整個人彷彿一尊失去了靈魂的雕像,對於外界的一切都毫無反應。
自從被楚休“救”回來之後,他便再也沒有開口說過一句話,整日裏不是發獃,就是昏睡。
禦醫們輪番會診,也說不出個所以然來,隻能歸結於急火攻心,傷了心神,需要靜養。
隻有楚威自己知道,他不是不能說,而是不敢說,不願說。
他怕自己一開口,就會發出恐懼的尖叫。
他怕自己一開口,就會忍不住對那個逆子發出最惡毒的詛咒,然後被他用更恐怖的方式報復回來。
所以,他選擇裝啞巴,裝活死人。
他希望用這種方式,讓那個逆子覺得自己已經是個徹底的廢物,從而放過自己。
就在這時,一個溫和帶笑的聲音,如同冬日裏最和煦的陽光,打破了院中的死寂。
“兒臣,給父皇請安。
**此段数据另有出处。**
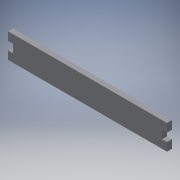
# Autodesk Inventor part: Деталь7
Saved by Autodesk Inventor 2019 (Build 230136000, 136)
## iProperties
Created: 2022-02-24
Part Number: Деталь7
Material: Типовые
Document SubType Name: Modeling
Designer: korsh
Density: 1 g/cm^3
Appearance: По умолчанию
Author: korsh
Autodesk Inventor part; units mm, degrees
ref_plane "YZ Plane" through (0, 0, 0) normal (1, 0, 0) x (0, 1, 0)
ref_plane "XZ Plane" through (0, 0, 0) normal (0, 1, 0) x (-1, 0, 0)
ref_plane "XY Plane" through (0, 0, 0) normal (0, 0, 1) x (1, 0, 0)
sketch "Эскиз1" plane through (0, 0, 0) normal (0, 0, 1) x (1, 0, 0)
  line L0 (0, 0) -> (180, 0)
  line L1 (180, 0) -> (180, -30)
  line L2 (180, -30) -> (0, -30)
  line L3 (0, -30) -> (0, 0)
  line L4 (0, 0) -> (-6, 0)
  line L5 (-6, 0) -> (-6, -10)
  line L6 (-6, -10) -> (0, -10)
  line L7 (0, -10) -> (0, 0)
  line L8 (0, -20) -> (-6, -20)
  line L9 (-6, -20) -> (-6, -30)
  line L10 (-6, -30) -> (0, -30)
  line L11 (0, -30) -> (0, -20)
  line L12 (180, 0) -> (186, 0)
  line L13 (186, 0) -> (186, -10)
  line L14 (186, -10) -> (180, -10)
  line L15 (180, -10) -> (180, 0)
  line L16 (180, -30) -> (180, -20)
  line L17 (186, -20) -> (186, -30)
  line L18 (186, -30) -> (180, -30)
  line L19 (180, -20) -> (186, -20)
  dimension "d0" = 180
  dimension "d1" = 30
  dimension "d2" = 10
  dimension "d3" = 6
  dimension "d6" = 20
  dimension "d11" = 6
  dimension "d14" = 20
  constraints: 40 end point, 6 parallel, 3 horizontal, 3 perpendicular, 2 vertical, 16 other
  measures "d0" distance of L1.end L2.end
  measures "d1" distance of L0.end L1.end
  measures "d2" distance of L4.end L5.end
  measures "d3" distance of L5.end L6.end
  measures "d6" distance of L5.end L9.end
  measures "d11" distance of L13.end L14.end
  measures "d14" distance of L0.end L16.end
extrude "Выдавливание1" add sketch "Эскиз1" along normal blind 6
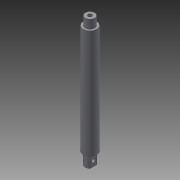
# Autodesk Inventor part: Small_piston
Saved by Autodesk Inventor 2015 (Build 190159000, 159)
## iProperties
Created: 2017-02-22
Part Number: Small_piston
Material: Aluminum 6061-AHC
Document SubType Name: Modeling
Designer: Guy
Density: 2.7 g/cm^3
Appearance: Aluminum - Dark
Mass: 65.5669 g
Surface Area: 94.8654 cm^2
Volume: 24.284 cm^3
Author: Guy
Autodesk Inventor part; units mm, degrees
ref_plane "YZ Plane" through (0, 0, 0) normal (1, 0, 0) x (0, 1, 0)
ref_plane "XZ Plane" through (0, 0, 0) normal (0, 1, 0) x (-1, 0, 0)
ref_plane "XY Plane" through (0, 0, 0) normal (0, 0, 1) x (1, 0, 0)
sketch "Sketch1" plane through (0, 0, 0) normal (0, 0, 1) x (1, 0, 0)
  circle A0 centre (0, 0) radius 7.875
  dimension "d0" = 15.75
  constraints: 1 centre point, 1 coincident
  measures "d0" diameter of A0
extrude "Extrusion1" add sketch "Sketch1" along normal blind 126
sketch "Sketch2" plane through (0, 0, 126) normal (0, 0, 1) x (1, 0, 0)
  circle A0 centre (0, 0) radius 5.5
  dimension "d3" = 11
  constraints: 1 centre point, 1 coincident
  measures "d3" diameter of A0
extrude "Extrusion2" add sketch "Sketch2" along normal blind 10
sketch "Sketch3" plane through (0, 0, 0) normal (0, 0, -1) x (-1, 0, 0)
  circle A0 centre (0, 0) radius 5.5
  dimension "d6" = 11
  constraints: 1 centre point, 1 coincident
  measures "d6" diameter of A0
extrude "Extrusion3" add sketch "Sketch3" along normal blind 14
sketch "Sketch4" plane through (0, 0, -14) normal (0, 0, -1) x (-1, 0, 0)
  line L0 (4, 13.3221) -> (11.8644, 13.3221)
  line L1 (11.8644, 13.3221) -> (11.8644, -10.8813)
  line L2 (11.8644, -10.8813) -> (4, -10.8813)
  line L3 (4, -10.8813) -> (4, 13.3221)
  line L4 (-11.0508, 13.3221) -> (-4, 13.3221)
  line L5 (-4, 13.3221) -> (-4, -10.8813)
  line L6 (-4, -10.8813) -> (-11.0508, -10.8813)
  line L7 (-11.0508, -10.8813) -> (-11.0508, 13.3221)
  point P0 (0, 0)
  dimension "d9" = 8
  dimension "d10" = 4
  constraints: 16 end point, 5 parallel, 2 collinear, 2 horizontal, 2 perpendicular
  measures "d9" distance between parallel lines of L5 L3
  measures "d10" distance from line of point (0, 0) L3
extrude "Extrusion4" cut sketch "Sketch4" against normal up to surface (14 mm away)
sketch "Sketch5" plane through (4, -3.7749, -14) normal (1, 0, 0) x (0, 0, -1)
  circle A0 centre (-6, 3.7748) radius 2
  line L0 (0, 7.5498) -> (0, 0) projected
  line L1 (-14, 7.5498) -> (0, 7.5498) projected
  point P0 (-14, 3.7749)
  dimension "d13" = 4
  dimension "d14" = 6
  dimension "d15" = 3.775
  constraints: 1 centre point
  measures "d13" diameter of A0
  measures "d14" distance from line of A0.centre L0
  measures "d15" distance from line of A0.centre L1
extrude "Extrusion5" cut sketch "Sketch5" against normal up to next
sketch "Sketch7" plane through (0, 0, 136) normal (0, 0, 1) x (1, 0, 0)
  circle A0 centre (0, 0) radius 2.25
  dimension "d21" = 4.5
  constraints: 1 centre point, 1 coincident
  measures "d21" diameter of A0
extrude "Extrusion7" cut sketch "Sketch7" against normal blind 140
body "Solid1"
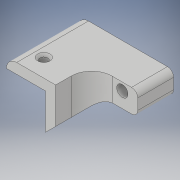
# Autodesk Inventor part: kallax-irja-hook
Saved by Autodesk Inventor 2019.3 (Build 233278000, 278)
## iProperties
Created: 2019-12-14
Part Number: kallax-irja-hook
Material: Generic
Document SubType Name: Modeling
Designer: Frienddo
Density: 1 g/cm^3
Appearance: Default
Author: Frienddo
Autodesk Inventor part; units mm, degrees
ref_plane "YZ Plane" through (0, 0, 0) normal (1, 0, 0) x (0, 1, 0)
ref_plane "XZ Plane" through (0, 0, 0) normal (0, 1, 0) x (-1, 0, 0)
ref_plane "XY Plane" through (0, 0, 0) normal (0, 0, 1) x (1, 0, 0)
sketch "Sketch1" plane through (0, 0, 0) normal (0, 0, 1) x (1, 0, 0)
  line L0 (19, 0) -> (-19, 0)
  arc A0 (-9, 10) -> (-19, 0) centre (-9, 0) ccw
  line L1 (-9, 10) -> (68, 10)
  arc A1 (74, 4) -> (68, 10) centre (68, 4) ccw
  line L2 (74, 4) -> (74, -6.5)
  arc A2 (68, -12.5) -> (74, -6.5) centre (68, -6.5) ccw
  line L3 (68, -12.5) -> (51.8553, -12.5)
  arc A3 (51.8553, -12.5) -> (34.1777, -19.8223) centre (51.8553, -37.5) ccw
  line L4 (34.1777, -19.8223) -> (19, -35)
  line L5 (19, -35) -> (19, 0)
  line L6 (19, 0) -> (19, -22.9675) construction
  circle A4 centre (59, 2.5) radius 5.5
  point P0 (0, 0)
  point P1 (0, 0)
  dimension "d0" = 19
  dimension "d5" = 10
  dimension "d6" = 35
  dimension "d7" = 40
  dimension "d8" = 15
  dimension "d9" = 15
  dimension "d12" = 6
  dimension "d13" = 25
  dimension "d14" = 11
  dimension "d15" = 7.5
  dimension "d30" = 19
  dimension "d31" = 45
  constraints: 14 end point, 8 point on circle, 7 tangent, 5 centre point, 2 horizontal, 2 vertical, 1 coincident, 1 midpoint, 1 parallel, 1 perpendicular, 1 point on line, 1 vertical alignment
  measures "d0" distance of L0.end point (0, 0)
  measures "d5" distance between parallel lines of L1 L0
  measures "d6" distance from line of L4.end L0
  measures "d7" distance from line of L6 A4.centre
  measures "d8" distance from line of L2 A4.centre
  measures "d9" distance from line of L3 A4.centre
  measures "d12" radius of A1
  measures "d13" radius of A3
  measures "d14" diameter of A4
  measures "d15" distance from line of L1 A4.centre
  measures "d30" distance from line of point (0, 0) L5
  measures "d31" angle of L5 L4
extrude "Extrusion1" add sketch "Sketch1" along normal blind 17.5 and the other way blind 52.5
sketch "Sketch3" plane through (-9, 10, 17.5) normal (0, 1, 0) x (1, 0, 0)
  circle A0 centre (9, 17.5) radius 3.75
  circle A1 centre (9, 17.5) radius 6
  dimension "d23" = 7.5
  dimension "d24" = 12
  constraints: 2 centre point, 2 coincident
  measures "d23" diameter of A0
  measures "d24" diameter of A1
extrude "Extrusion3" cut sketch "Sketch3" against normal through all contours A0
chamfer "Chamfer1" distance 2.25 angle 45 1 edges at (-3.75, 10, 0)
sketch "Sketch5" plane through (-9, 10, 17.5) normal (0, 1, 0) x (1, 0, 0)
  line L0 (28, 70) -> (28, 0) projected
  line L1 (83, 70) -> (83, 0) projected
  line L2 (83, 70) -> (83, 0) projected
  line L3 (83, 70) -> (28, 70)
  line L4 (0, 70) -> (77, 70) projected
  line L5 (28, 0) -> (38, 0)
  line L6 (77, 0) -> (0, 0) projected
  line L7 (83, 70) -> (83, 0) projected
  line L8 (83, 35) -> (58, 35)
  arc A0 (58, 35) -> (38, 15) centre (58, 15) ccw
  line L9 (38, 15) -> (38, 0)
  line L10 (38, 0) -> (83, 0)
  point P0 (9, 17.5)
  dimension "d32" = 10
  dimension "d33" = 35
  dimension "d34" = 20
  constraints: 10 end point, 2 point on circle, 2 tangent, 1 centre point, 1 collinear, 1 horizontal, 1 midpoint, 1 perpendicular, 1 point on line, 1 vertical
  measures "d32" distance between parallel lines of L0 L9
  measures "d33" distance between parallel lines of L5 L8
  measures "d34" radius of A0
extrude "Extrusion4" cut sketch "Sketch5" against normal through all contours L9 A0 L8 L1 L10 L6
body "Solid1"
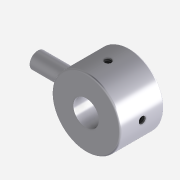
# Autodesk Inventor part: adapter
Saved by Autodesk Inventor 2018.2 (Build 222227000, 227)
## iProperties
Created: 2019-05-30
Part Number: adapter
Material: Generic
Document SubType Name: Modeling
Designer: Hannah Payne
Density: 1 g/cm^3
Appearance: Default
Author: Hannah Payne
Autodesk Inventor part; units mm, degrees
ref_plane "XZ Plane" through (0, 0, 0) normal (0, 1, 0) x (-1, 0, 0)
sketch "Sketch1" plane through (0, 0, 0) normal (0, 1, 0) x (-1, 0, 0)
  circle A0 centre (0, 0) radius 11
  dimension "d0" = 22
  constraints: 1 centre point, 1 coincident
  measures "d0" diameter of A0
extrude "Extrusion1" add sketch "Sketch1" along normal blind 14
sketch "Sketch2" plane through (0, 0, 0) normal (0, 1, 0) x (-1, 0, 0)
  point P0 (0, 0)
  point P1 (0, 0)
  constraints: 1 coincident
hole "Hole1" at (0, 0, 0) direction (0, 1, 0) diameter 8.2 end through all
ref_plane "Work Plane2" through (11, 0, 0) normal (1, 0, 0) x (0, 1, 0)
sketch "Sketch4" plane through (11, 0, 0) normal (1, 0, 0) x (0, 1, 0)
  line L0 (14, -11) -> (14, 11) construction
  line L1 (0, 0) -> (7, 0) construction
  line L2 (7, 0) -> (14, 0) construction
  constraints: 4 end point, 1 coincident, 1 collinear, 1 horizontal, 1 midpoint
hole "Hole2" at (11, 7, 0) direction (-1, 0, 0) diameter 2.156 end up to surface thread size "4-40 UNC" class "2B" standard "ANSI Unified Screw Threads"
pattern_circular "Circular Pattern1" count 3 over 180 about axis through (0, -10, 0) along (0, 1, 0) of "Hole2" both ways yes
shell "Shell2" thickness 1.5 removed faces 0
ref_plane "Work Plane1" through (-11, 0, 0) normal (1, 0, 0) x (0, 1, 0)
sketch "Sketch3" plane through (-11, 0, 0) normal (1, 0, 0) x (0, 1, 0)
  circle A0 centre (7, 0) radius 2.6
  line L0 (14, -11) -> (14, 11) construction
  line L1 (0, 11) -> (0, -11) construction
  line L2 (14, 0) -> (7, 0) construction
  line L3 (7, 0) -> (0, 0) construction
  dimension "d10" = 5.2
  constraints: 4 end point, 2 collinear, 1 centre point, 1 horizontal, 1 horizontal alignment, 1 midpoint
  measures "d10" diameter of A0
extrude "Extrusion2" add sketch "Sketch3" against normal blind 11.5 and the other way blind 1
fillet "Fillet1" radius 0.5 2 edges at (-10.6883, 7, -2.6) (-10.6883, 7, 2.6)
fillet "Fillet2" radius 0.5 2 edges at (11, 14, 0) (11, 0, 0)
body "Solid1"

”
楚休的身影,出現在了養心殿的門口。
他依舊是那副病弱蒼白的樣子,穿著素凈的王袍,臉上掛著純孝的笑容,一步步走了進來。
院子裏所有的宮女太監,在看到他的一瞬間,齊刷刷地跪了一地。
所有人的身體抖如篩糠,頭埋得幾乎要塞進地裡。
彷彿來的不是一位皇子,而是一尊從地獄裏走出來的魔神。
輪椅上的楚威,身體幾不可查地僵硬了一下,那空洞的眼神深處,閃過一抹極致的驚恐。
他又來了!
這個惡魔,又來了!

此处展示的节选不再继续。